В ту ночь одна мысль снедала всю французскую армию, от императора до солдата: уйдут ли русские снова, отказавшись от решительного сражения, как это было уже много раз – под Витебском, Смоленском, Валутиной горой, либо примут бой. «Мы были в таком положении, когда встал вопрос – либо завоевать, либо погибнуть. И эта мысль придавала всем столько храбрости, что, несмотря на силу русской армии и их непреодолимые укрепления, каждый смотрел на наше вступление в Москву как на необходимость. Хотя наша усталость вызывала непреодолимое желание спать, среди нас были, однако, такие люди, возбужденные желанием славы, что экзальтация сделала их невосприимчивыми к отдыху», – писал Лабом[1507]. «Сколько разных тревог было пережито в ту ночь! – восклицает Сегюр. – Солдаты и офицеры готовили оружие, чистили амуницию, боролись с холодом и голодом…»

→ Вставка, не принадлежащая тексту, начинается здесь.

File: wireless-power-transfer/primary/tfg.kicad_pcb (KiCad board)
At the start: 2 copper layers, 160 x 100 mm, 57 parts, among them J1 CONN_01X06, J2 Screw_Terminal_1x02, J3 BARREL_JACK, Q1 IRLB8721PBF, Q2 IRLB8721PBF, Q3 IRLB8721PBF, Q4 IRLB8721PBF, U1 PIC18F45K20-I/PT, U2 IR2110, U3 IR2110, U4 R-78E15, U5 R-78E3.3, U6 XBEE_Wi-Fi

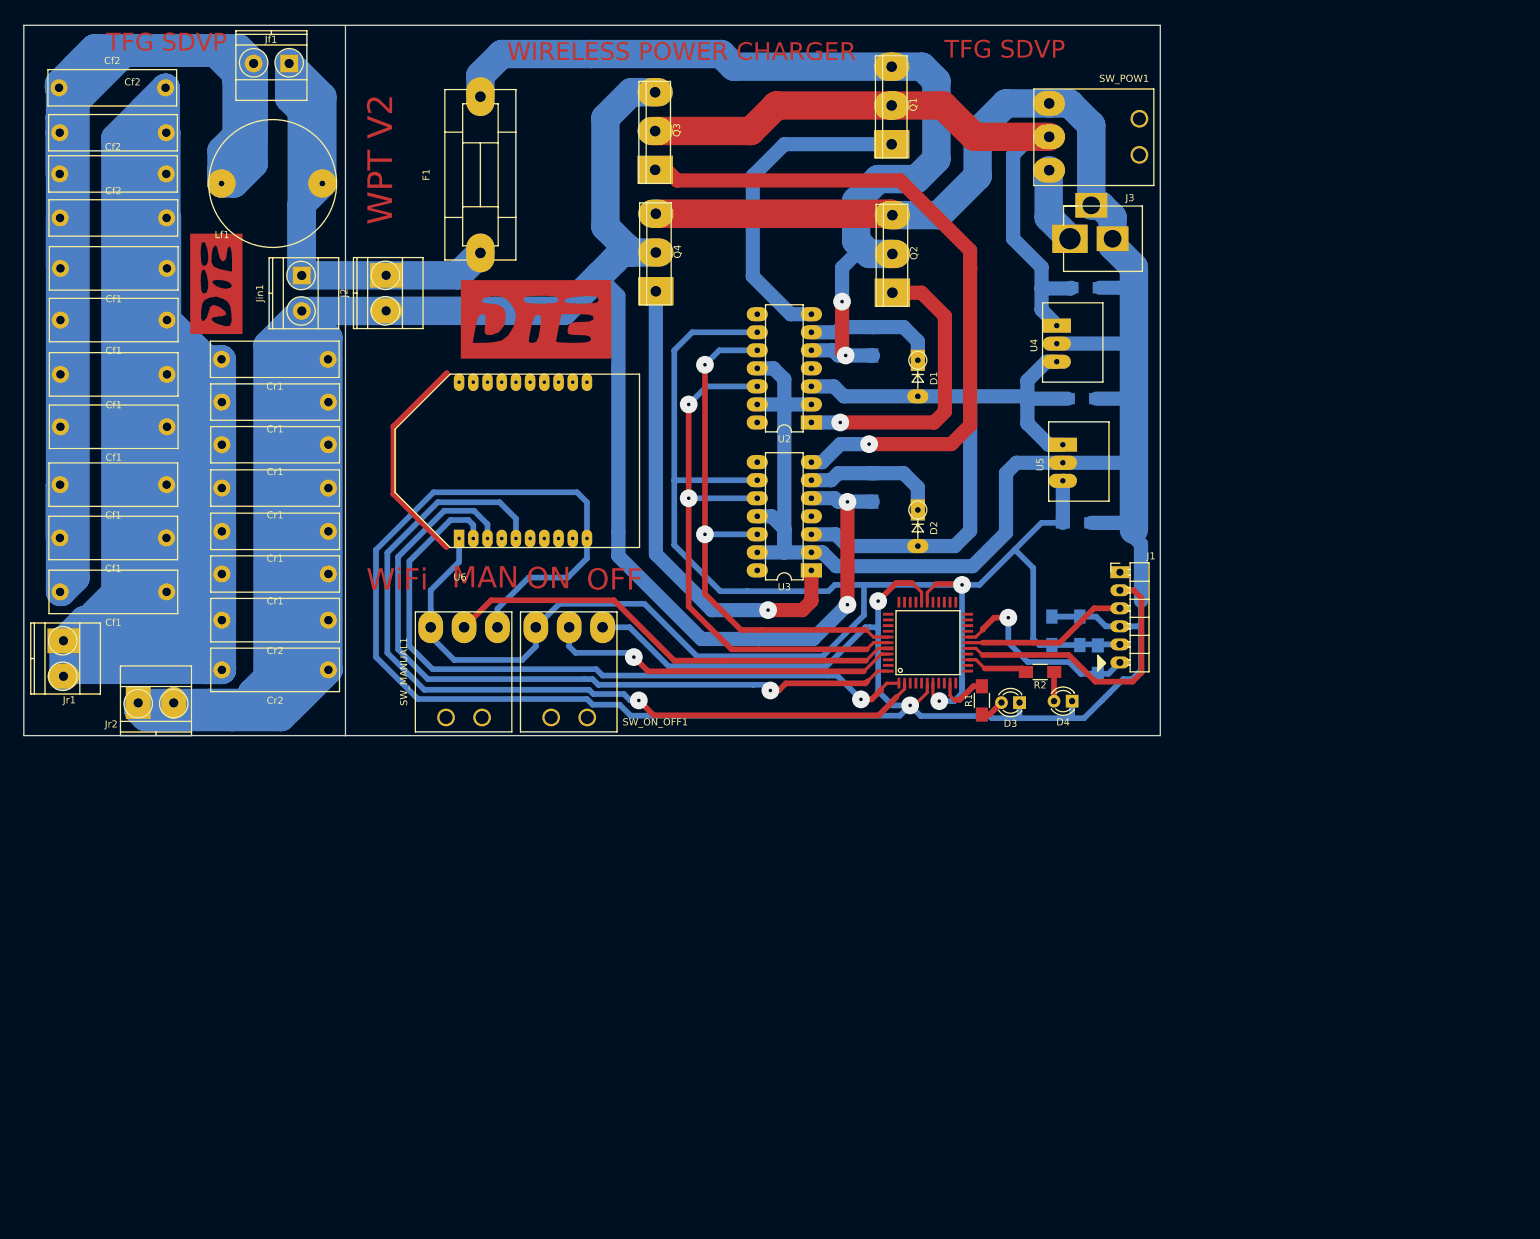
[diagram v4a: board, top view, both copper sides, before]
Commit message: Prepare Silk Layer in order to be able to manufacture
This 'manu2' branch was created in order to have the 3 projects
on the same folder.

The silk layer was created and adapted to give it to an external
manufacturer.
Nearly the same information was created in the copper layer in order to
have this information also in the case the PCB's were manufactured in
the DTE.
The Mask layer was also adapted to give it to the external manufacturer.
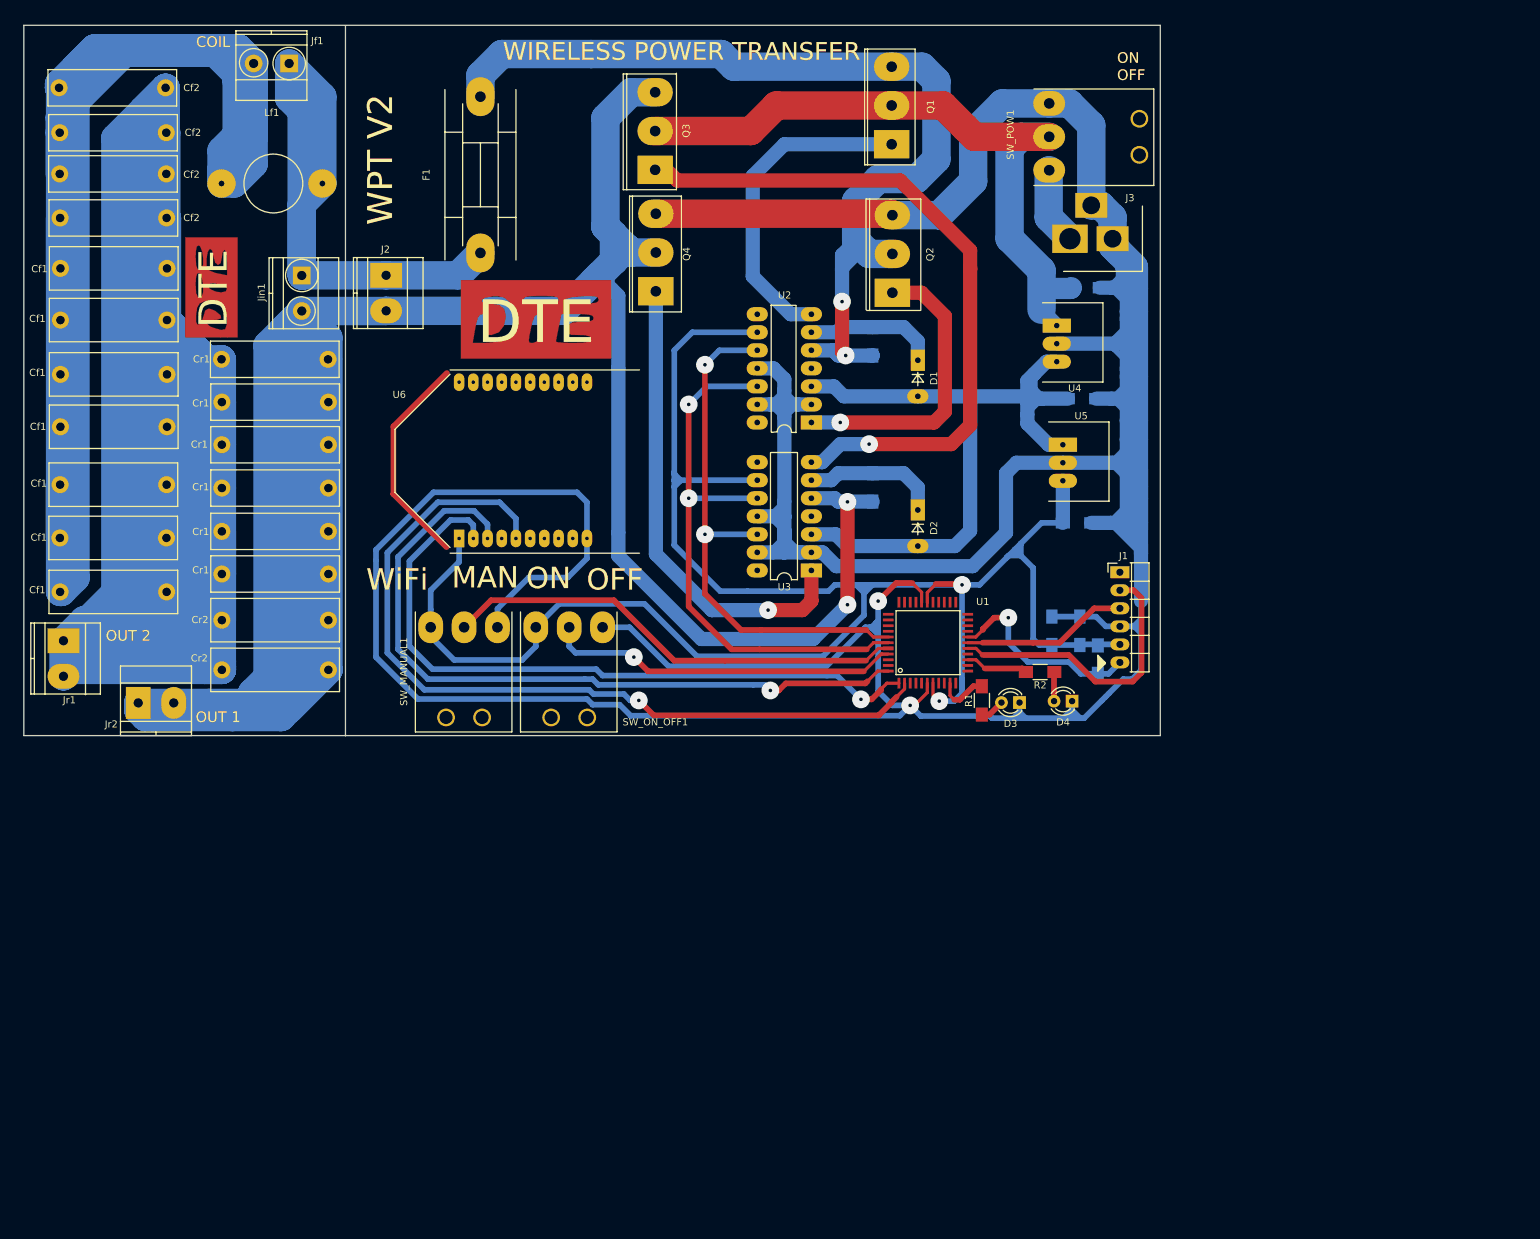
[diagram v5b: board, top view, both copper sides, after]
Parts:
- moved G*** 0.86 mm to (84.3, 62.5)
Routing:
- net Net-(C1-Pad2): track 582.4 -> 690.2 mm
- net Net-(C5-Pad1): track 95.8 -> 137.7 mm
- net Carga0: track 505.7 -> 519.3 mm
- net /+15V: track 98.8 -> 109.4 mm
- net /+3.3V: track 266.7 -> 276.5 mm
- net Net-(Cboot1-Pad2): track 136.0 -> 141.0 mm
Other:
- rule pad_to_mask_clearance: 0.2 -> 0.1
- board text added: "COIL"
- board text added: "DTE"
- board text added: "ON OFF"
- board text added: "OUT 1"
- board text added: "OUT 2"
- board text added: "WIRELESS POWER TRANSFER"
- board text removed: "TFG SDVP"
- board text removed: "WIRELESS POWER CHARGER"

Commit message: PDFs created with schematics and PCB layers for front and back sides.
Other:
- board text added: "3/7"
- board text removed: "DTE"
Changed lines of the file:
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@@
-(kicad_pcb (version 4) (host pcbnew 4.0.0-rc2-stable)
+(kicad_pcb (version 4) (host pcbnew 4.0.6)
   (general
     (links 127)
     (no_connects 13)
-    (area 57.819999 25.526999 223.280001 126.325001)
+    (area 57.819999 25.526999 268.528572 193.85)
     (thickness 1.6)
-    (drawings 54)
+    (drawings 53)
     (tracks 800)
     (zones 0)
@@
     (visible_elements 7FFEFF79)
     (pcbplotparams
-      (layerselection 0x010e0_80000001)
-      (usegerberextensions true)
+      (layerselection 0x01020_00000001)
+      (usegerberextensions false)
       (excludeedgelayer true)
       (linewidth 0.100000)
@@
       (padsonsilk false)
       (subtractmaskfromsilk false)
-      (outputformat 1)
+      (outputformat 4)
       (mirror false)
-      (drillshape 0)
+      (drillshape 2)
       (scaleselection 1)
-      (outputdirectory C:/GIT/GERBER/wpt-primary/))
+      (outputdirectory ""))
   )
   (net 0 "")
@@
     )
   )
+  (gr_text 3/7 (at 264.1 191.3) (layer F.Cu)
+    (effects (font (size 3 3) (thickness 0.3)))
+  )
   (gr_text "ON\nOFF\n" (at 211.8 31.4) (layer F.SilkS)
     (effects (font (size 1.5 1.5) (thickness 0.3)) (justify left))
@@
     (effects (font (size 1.5 1.5) (thickness 0.3)))
   )
-  (gr_text DTE (at 130 67.4) (layer F.SilkS)
-    (effects (font (size 6 6) (thickness 0.8)))
-  )
-  (gr_text DTE (at 84.6 62.65 90) (layer F.SilkS)
-    (effects (font (size 4 4) (thickness 0.8)))
-  )
   (gr_text OFF (at 141.1 103.65) (layer F.SilkS)

Поздно вечером 5 сентября, когда бой за редут был уже закончен, император, по свидетельствам Коленкура, Сегюра и Раппа, приказал произвести рекогносцировки и отдал предварительные приказы на сражение утром следующего дня[1508]. Но уверенности в том, что «ему придется начать атаку завтра утром», у Наполеона не было. Русская армия могла ночью сняться и уйти, чего очень опасались во французской армии[1509]. С одной стороны, опыт и проницательность говорили Наполеону, что русские обязательно должны дать решающее сражение под Москвой и что недавно назначенный главнокомандующим Кутузов с неизбежностью должен был на это пойти. Упорство русских, с которым они защищали Шевардинский редут, всего-навсего только передовое укрепление, казалось, это доказывало. Но полной уверенности у Наполеона не было – он боялся, что к утру призрак русской армии вновь растает. Вполне реальной была возможность того, что Кутузов вообще сдаст Москву без боя. Тогда поход на Москву, несмотря на важный политический результат в виде падения русской столицы, с военной точки зрения был бы значительно обесценен. Исход всей войны с Россией оказался бы под угрозой.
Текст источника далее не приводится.